_Aim of the exercise:_ When you give the entries again, keep every word as it stands and drop the pictures.
:: Task data ::
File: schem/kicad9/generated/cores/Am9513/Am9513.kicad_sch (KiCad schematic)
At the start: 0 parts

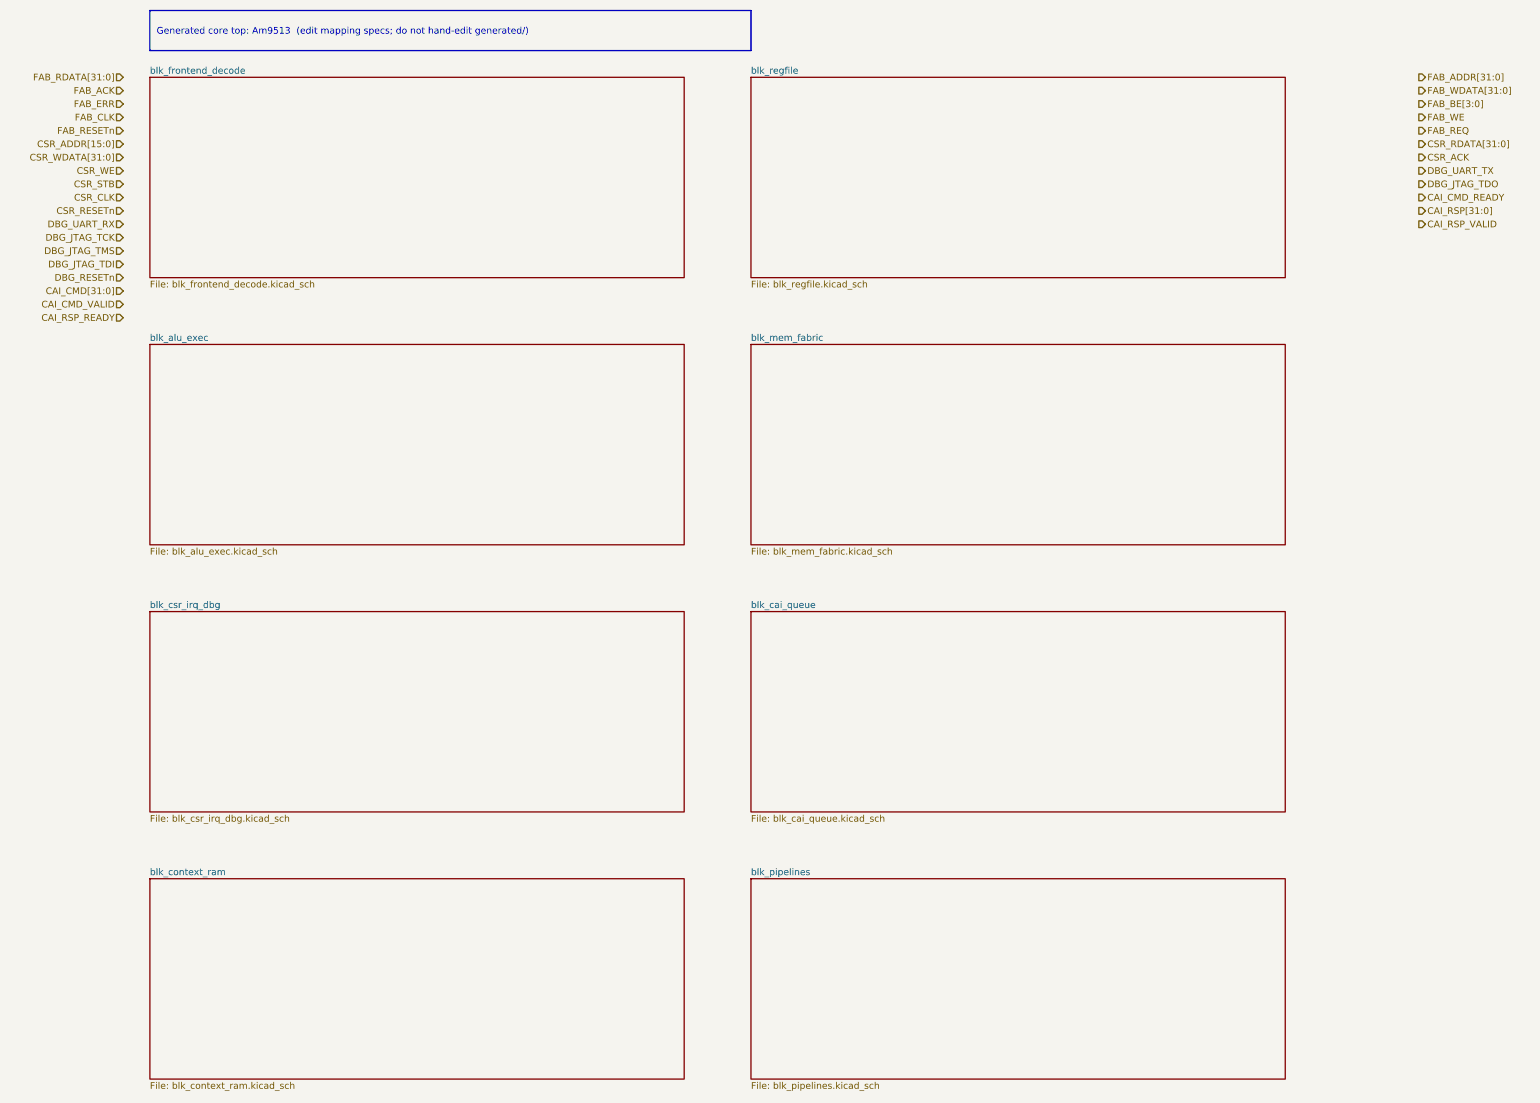
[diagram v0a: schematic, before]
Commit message: kicad: generate core-level hierarchical schematics
Detailed description:
- What changed: regenerated common and core schematics for Z85/Z90/Z380/Z480, Am9513/4/5, Am95xx, and CarbonIO/DMA placeholders
- Why it changed: update generated KiCad 9 outputs to reflect the final naming and tier model
- Files/paths affected: schem/kicad9/generated/common/* and schem/kicad9/generated/cores/*
- How to run it: scripts/gen_kicad.sh (or python tools/kicadgen/src/kicadgen.py)
- What remains TODO: regenerate and commit system-level schematics
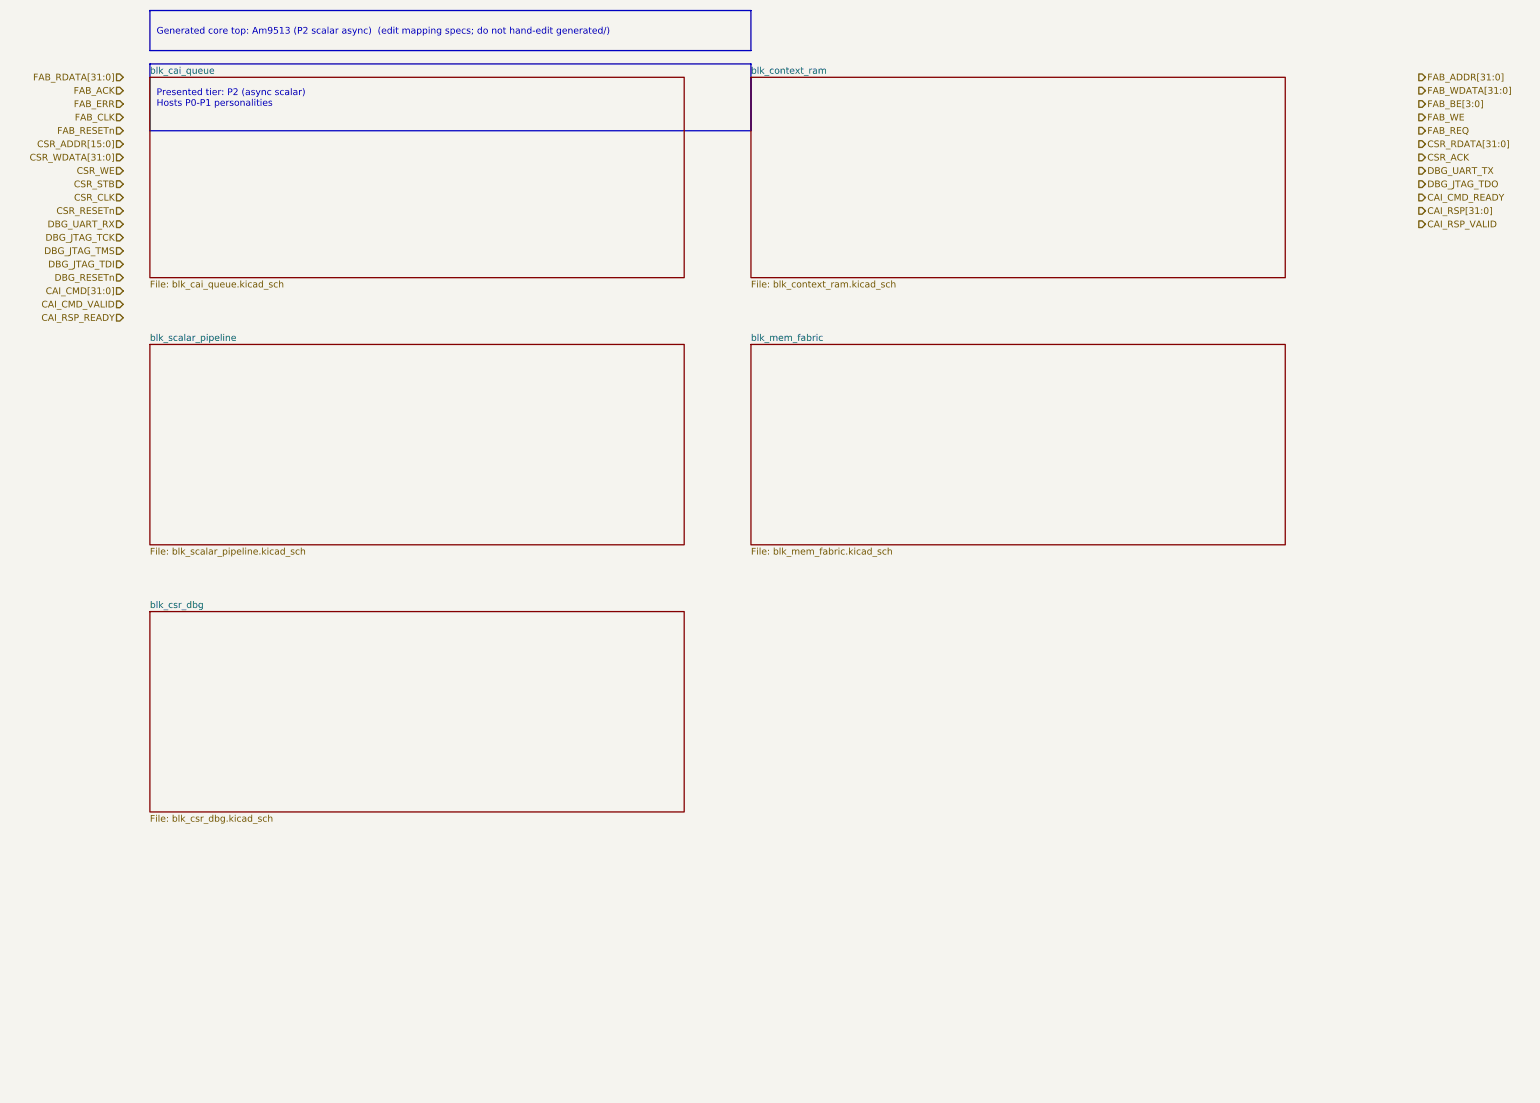
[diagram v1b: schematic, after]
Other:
- removed sheet blk_alu_exec
- removed sheet blk_csr_irq_dbg
- removed sheet blk_frontend_decode
- removed sheet blk_pipelines
- removed sheet blk_regfile
- added sheet blk_csr_dbg (blk_csr_dbg.kicad_sch)
- added sheet blk_scalar_pipeline (blk_scalar_pipeline.kicad_sch)
- title: Am9513 (generated) -> Am9513 (P2 scalar async) (generated)
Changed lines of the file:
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@@
 	(version 20250114)
 	(generator "kicadgen")
-	(generator_version "0.1")
+	(generator_version "0.2")
 	(paper "A3")
 	(title_block
-		(title "Am9513 (generated)")
+		(title "Am9513 (P2 scalar async) (generated)")
 		(company "Project Carbon")
 		(comment 1 "Generated - do not edit in generated/")
@@
 	)
 	(text_box
-		"Generated core top: Am9513  (edit mapping specs; do not hand-edit generated/)"
+		"Generated core top: Am9513 (P2 scalar async)  (edit mapping specs; do not hand-edit generated/)"
 		(exclude_from_sim no)
 		(at
@@
 		)
 	)
+	(text_box
+		"Presented tier: P2 (async scalar)\nHosts P0-P1 personalities"
+		(exclude_from_sim no)
+		(at
+			12.7
+			22.86
+			0
+		)
+		(size 114.3 12.7)
+		(margins
+			1.27
+			1.27
+			1.27
+			1.27
+		)
+		(stroke
+			(width 0)
+			(type default)
+			(color
+				0
+				0
+				0
+				1
+			)
+		)
+		(fill
+			(type color)
+			(color
+				255
+				255
+				150
+				1
+			)
+		)
+		(effects
+			(font
+				(size 1.27 1.27)
+			)
+			(justify left)
+		)
+	)
 	(sheet
 		(at 12.7 25.4)
@@
 		(property
 			"Sheetname"
-			"blk_frontend_decode"
+			"blk_cai_queue"
 			(at
 				12.7
@@
 		(property
 			"Sheetfile"
-			"blk_frontend_decode.kicad_sch"
+			"blk_cai_queue.kicad_sch"
 			(at
 				12.7
@@
 		(property
 			"Sheetname"
-			"blk_regfile"
+			"blk_context_ram"
 			(at
 				127
@@
 		(property
 			"Sheetfile"
-			"blk_regfile.kicad_sch"
+			"blk_context_ram.kicad_sch"
 			(at
 				127
@@
 		(property
 			"Sheetname"
-			"blk_alu_exec"
+			"blk_scalar_pipeline"
 			(at
 				12.7
@@
 		(property
 			"Sheetfile"
-			"blk_alu_exec.kicad_sch"
+			"blk_scalar_pipeline.kicad_sch"
 			(at
 				12.7
@@
 		(property
 			"Sheetname"
-			"blk_csr_irq_dbg"
+			"blk_csr_dbg"
 			(at
 				12.7
@@
 		(property
 			"Sheetfile"
-			"blk_csr_irq_dbg.kicad_sch"
+			"blk_csr_dbg.kicad_sch"
 			(at
 				12.7
@@
 				)
 			)
-		)
-	)
-	(sheet
-		(at 127 127)
-		(size 101.6 38.1)
-		(exclude_from_sim no)
-		(in_bom yes)
-		(on_board yes)
-		(dnp no)
-		(stroke
-			(width 0)
-			(type solid)
-		)
-		(fill
-			(color
-				0
-				0
-				0
-				0
-			)
-		)
-		(property
-			"Sheetname"
-			"blk_cai_queue"
-			(at
-				127
-				125.73
-				0
-			)
-			(effects
-				(font
-					(size 1.27 1.27)
-				)
-				(justify left)
-			)
-		)
-		(property
-			"Sheetfile"
-			"blk_cai_queue.kicad_sch"
-			(at
-				127
-				166.37
-				0
-			)
-			(effects
-				(font
-					(size 1.27 1.27)
-				)
-				(justify left)
-			)
-		)
-		(instances
-			(project
-				"core_Am9513"
-				(path
-					"/92267c30-7a9b-5a25-8278-1a73dfaaf2f0"
-					(page "7")
-				)
-			)
-		)
-	)
-	(sheet
-		(at 12.7 177.8)
-		(size 101.6 38.1)
-		(exclude_from_sim no)
-		(in_bom yes)
-		(on_board yes)
-		(dnp no)
-		(stroke
-			(width 0)
-			(type solid)
-		)
-		(fill
-			(color
-				0
-				0
-				0
-				0
-			)
-		)
-		(property
-			"Sheetname"
-			"blk_context_ram"
-			(at
-				12.7
-				176.53
-				0
-			)
-			(effects
-				(font
-					(size 1.27 1.27)
-				)
-				(justify left)
-			)
-		)
-		(property
-			"Sheetfile"
-			"blk_context_ram.kicad_sch"
-			(at
-				12.7
-				217.17
-				0
-			)
-			(effects
-				(font
-					(size 1.27 1.27)
-				)
-				(justify left)
-			)
-		)
-		(instances
-			(project
-				"core_Am9513"
-				(path
-					"/92267c30-7a9b-5a25-8278-1a73dfaaf2f0"
-					(page "8")
-				)
-			)
-		)
-	)
-	(sheet
-		(at 127 177.8)
-		(size 101.6 38.1)
-		(exclude_from_sim no)
-		(in_bom yes)
-		(on_board yes)
-		(dnp no)
-		(stroke
-			(width 0)
-			(type solid)
-		)
-		(fill
-			(color
-				0
-				0
-				0
-				0
-			)
-		)
-		(property
-			"Sheetname"
-			"blk_pipelines"
-			(at
-				127
-				176.53
-				0
-			)
-			(effects
-				(font
-					(size 1.27 1.27)
-				)
-				(justify left)
-			)
-		)
-		(property
-			"Sheetfile"
-			"blk_pipelines.kicad_sch"
-			(at
-				127
-				217.17
-				0
-			)
-			(effects
-				(font
-					(size 1.27 1.27)
-				)
-				(justify left)
-			)
-		)
-		(instances
-			(project
-				"core_Am9513"
-				(path
-					"/92267c30-7a9b-5a25-8278-1a73dfaaf2f0"
-					(page "9")
-				)
-			)
:::
_Result below:_
File: schem/kicad9/generated/cores/Am9513/Am9513.kicad_sch (KiCad schematic)
At the start: 0 parts

[diagram v0a: schematic, before]
Commit message: kicad: generate core-level hierarchical schematics
Detailed description:
- What changed: regenerated common and core schematics for Z85/Z90/Z380/Z480, Am9513/4/5, Am95xx, and CarbonIO/DMA placeholders
- Why it changed: update generated KiCad 9 outputs to reflect the final naming and tier model
- Files/paths affected: schem/kicad9/generated/common/* and schem/kicad9/generated/cores/*
- How to run it: scripts/gen_kicad.sh (or python tools/kicadgen/src/kicadgen.py)
- What remains TODO: regenerate and commit system-level schematics
[diagram v1b: schematic, after]
Other:
- removed sheet blk_alu_exec
- removed sheet blk_csr_irq_dbg
- removed sheet blk_frontend_decode
- removed sheet blk_pipelines
- removed sheet blk_regfile
- added sheet blk_csr_dbg (blk_csr_dbg.kicad_sch)
- added sheet blk_scalar_pipeline (blk_scalar_pipeline.kicad_sch)
- title: Am9513 (generated) -> Am9513 (P2 scalar async) (generated)
Changed lines of the file:
@@
 	(version 20250114)
 	(generator "kicadgen")
-	(generator_version "0.1")
+	(generator_version "0.2")
 	(paper "A3")
 	(title_block
-		(title "Am9513 (generated)")
+		(title "Am9513 (P2 scalar async) (generated)")
 		(company "Project Carbon")
 		(comment 1 "Generated - do not edit in generated/")
@@
 	)
 	(text_box
-		"Generated core top: Am9513  (edit mapping specs; do not hand-edit generated/)"
+		"Generated core top: Am9513 (P2 scalar async)  (edit mapping specs; do not hand-edit generated/)"
 		(exclude_from_sim no)
 		(at
@@
 		)
 	)
+	(text_box
+		"Presented tier: P2 (async scalar)\nHosts P0-P1 personalities"
+		(exclude_from_sim no)
+		(at
+			12.7
+			22.86
+			0
+		)
+		(size 114.3 12.7)
+		(margins
+			1.27
+			1.27
+			1.27
+			1.27
+		)
+		(stroke
+			(width 0)
+			(type default)
+			(color
+				0
+				0
+				0
+				1
+			)
+		)
+		(fill
+			(type color)
+			(color
+				255
+				255
+				150
+				1
+			)
+		)
+		(effects
+			(font
+				(size 1.27 1.27)
+			)
+			(justify left)
+		)
+	)
 	(sheet
 		(at 12.7 25.4)
@@
 		(property
 			"Sheetname"
-			"blk_frontend_decode"
+			"blk_cai_queue"
 			(at
 				12.7
@@
 		(property
 			"Sheetfile"
-			"blk_frontend_decode.kicad_sch"
+			"blk_cai_queue.kicad_sch"
 			(at
 				12.7
@@
 		(property
 			"Sheetname"
-			"blk_regfile"
+			"blk_context_ram"
 			(at
 				127
@@
 		(property
 			"Sheetfile"
-			"blk_regfile.kicad_sch"
+			"blk_context_ram.kicad_sch"
 			(at
 				127
@@
 		(property
 			"Sheetname"
-			"blk_alu_exec"
+			"blk_scalar_pipeline"
 			(at
 				12.7
@@
 		(property
 			"Sheetfile"
-			"blk_alu_exec.kicad_sch"
+			"blk_scalar_pipeline.kicad_sch"
 			(at
 				12.7
@@
 		(property
 			"Sheetname"
-			"blk_csr_irq_dbg"
+			"blk_csr_dbg"
 			(at
 				12.7
@@
 		(property
 			"Sheetfile"
-			"blk_csr_irq_dbg.kicad_sch"
+			"blk_csr_dbg.kicad_sch"
 			(at
 				12.7
@@
 				)
 			)
-		)
-	)
-	(sheet
-		(at 127 127)
-		(size 101.6 38.1)
-		(exclude_from_sim no)
-		(in_bom yes)
-		(on_board yes)
-		(dnp no)
-		(stroke
-			(width 0)
-			(type solid)
-		)
-		(fill
-			(color
-				0
-				0
-				0
-				0
-			)
-		)
-		(property
-			"Sheetname"
-			"blk_cai_queue"
-			(at
-				127
-				125.73
-				0
-			)
-			(effects
-				(font
-					(size 1.27 1.27)
-				)
-				(justify left)
-			)
-		)
-		(property
-			"Sheetfile"
-			"blk_cai_queue.kicad_sch"
-			(at
-				127
-				166.37
-				0
-			)
-			(effects
-				(font
-					(size 1.27 1.27)
-				)
-				(justify left)
-			)
-		)
-		(instances
-			(project
-				"core_Am9513"
-				(path
-					"/92267c30-7a9b-5a25-8278-1a73dfaaf2f0"
-					(page "7")
-				)
-			)
-		)
-	)
-	(sheet
-		(at 12.7 177.8)
-		(size 101.6 38.1)
-		(exclude_from_sim no)
-		(in_bom yes)
-		(on_board yes)
-		(dnp no)
-		(stroke
-			(width 0)
-			(type solid)
-		)
-		(fill
-			(color
-				0
-				0
-				0
-				0
-			)
-		)
-		(property
-			"Sheetname"
-			"blk_context_ram"
-			(at
-				12.7
-				176.53
-				0
-			)
-			(effects
-				(font
-					(size 1.27 1.27)
-				)
-				(justify left)
-			)
-		)
-		(property
-			"Sheetfile"
-			"blk_context_ram.kicad_sch"
-			(at
-				12.7
-				217.17
-				0
-			)
-			(effects
-				(font
-					(size 1.27 1.27)
-				)
-				(justify left)
-			)
-		)
-		(instances
-			(project
-				"core_Am9513"
-				(path
-					"/92267c30-7a9b-5a25-8278-1a73dfaaf2f0"
-					(page "8")
-				)
-			)
-		)
-	)
-	(sheet
-		(at 127 177.8)
-		(size 101.6 38.1)
-		(exclude_from_sim no)
-		(in_bom yes)
-		(on_board yes)
-		(dnp no)
-		(stroke
-			(width 0)
-			(type solid)
-		)
-		(fill
-			(color
-				0
-				0
-				0
-				0
-			)
-		)
-		(property
-			"Sheetname"
-			"blk_pipelines"
-			(at
-				127
-				176.53
-				0
-			)
-			(effects
-				(font
-					(size 1.27 1.27)
-				)
-				(justify left)
-			)
-		)
-		(property
-			"Sheetfile"
-			"blk_pipelines.kicad_sch"
-			(at
-				127
-				217.17
-				0
-			)
-			(effects
-				(font
-					(size 1.27 1.27)
-				)
-				(justify left)
-			)
-		)
-		(instances
-			(project
-				"core_Am9513"
-				(path
-					"/92267c30-7a9b-5a25-8278-1a73dfaaf2f0"
-					(page "9")
-				)
-			)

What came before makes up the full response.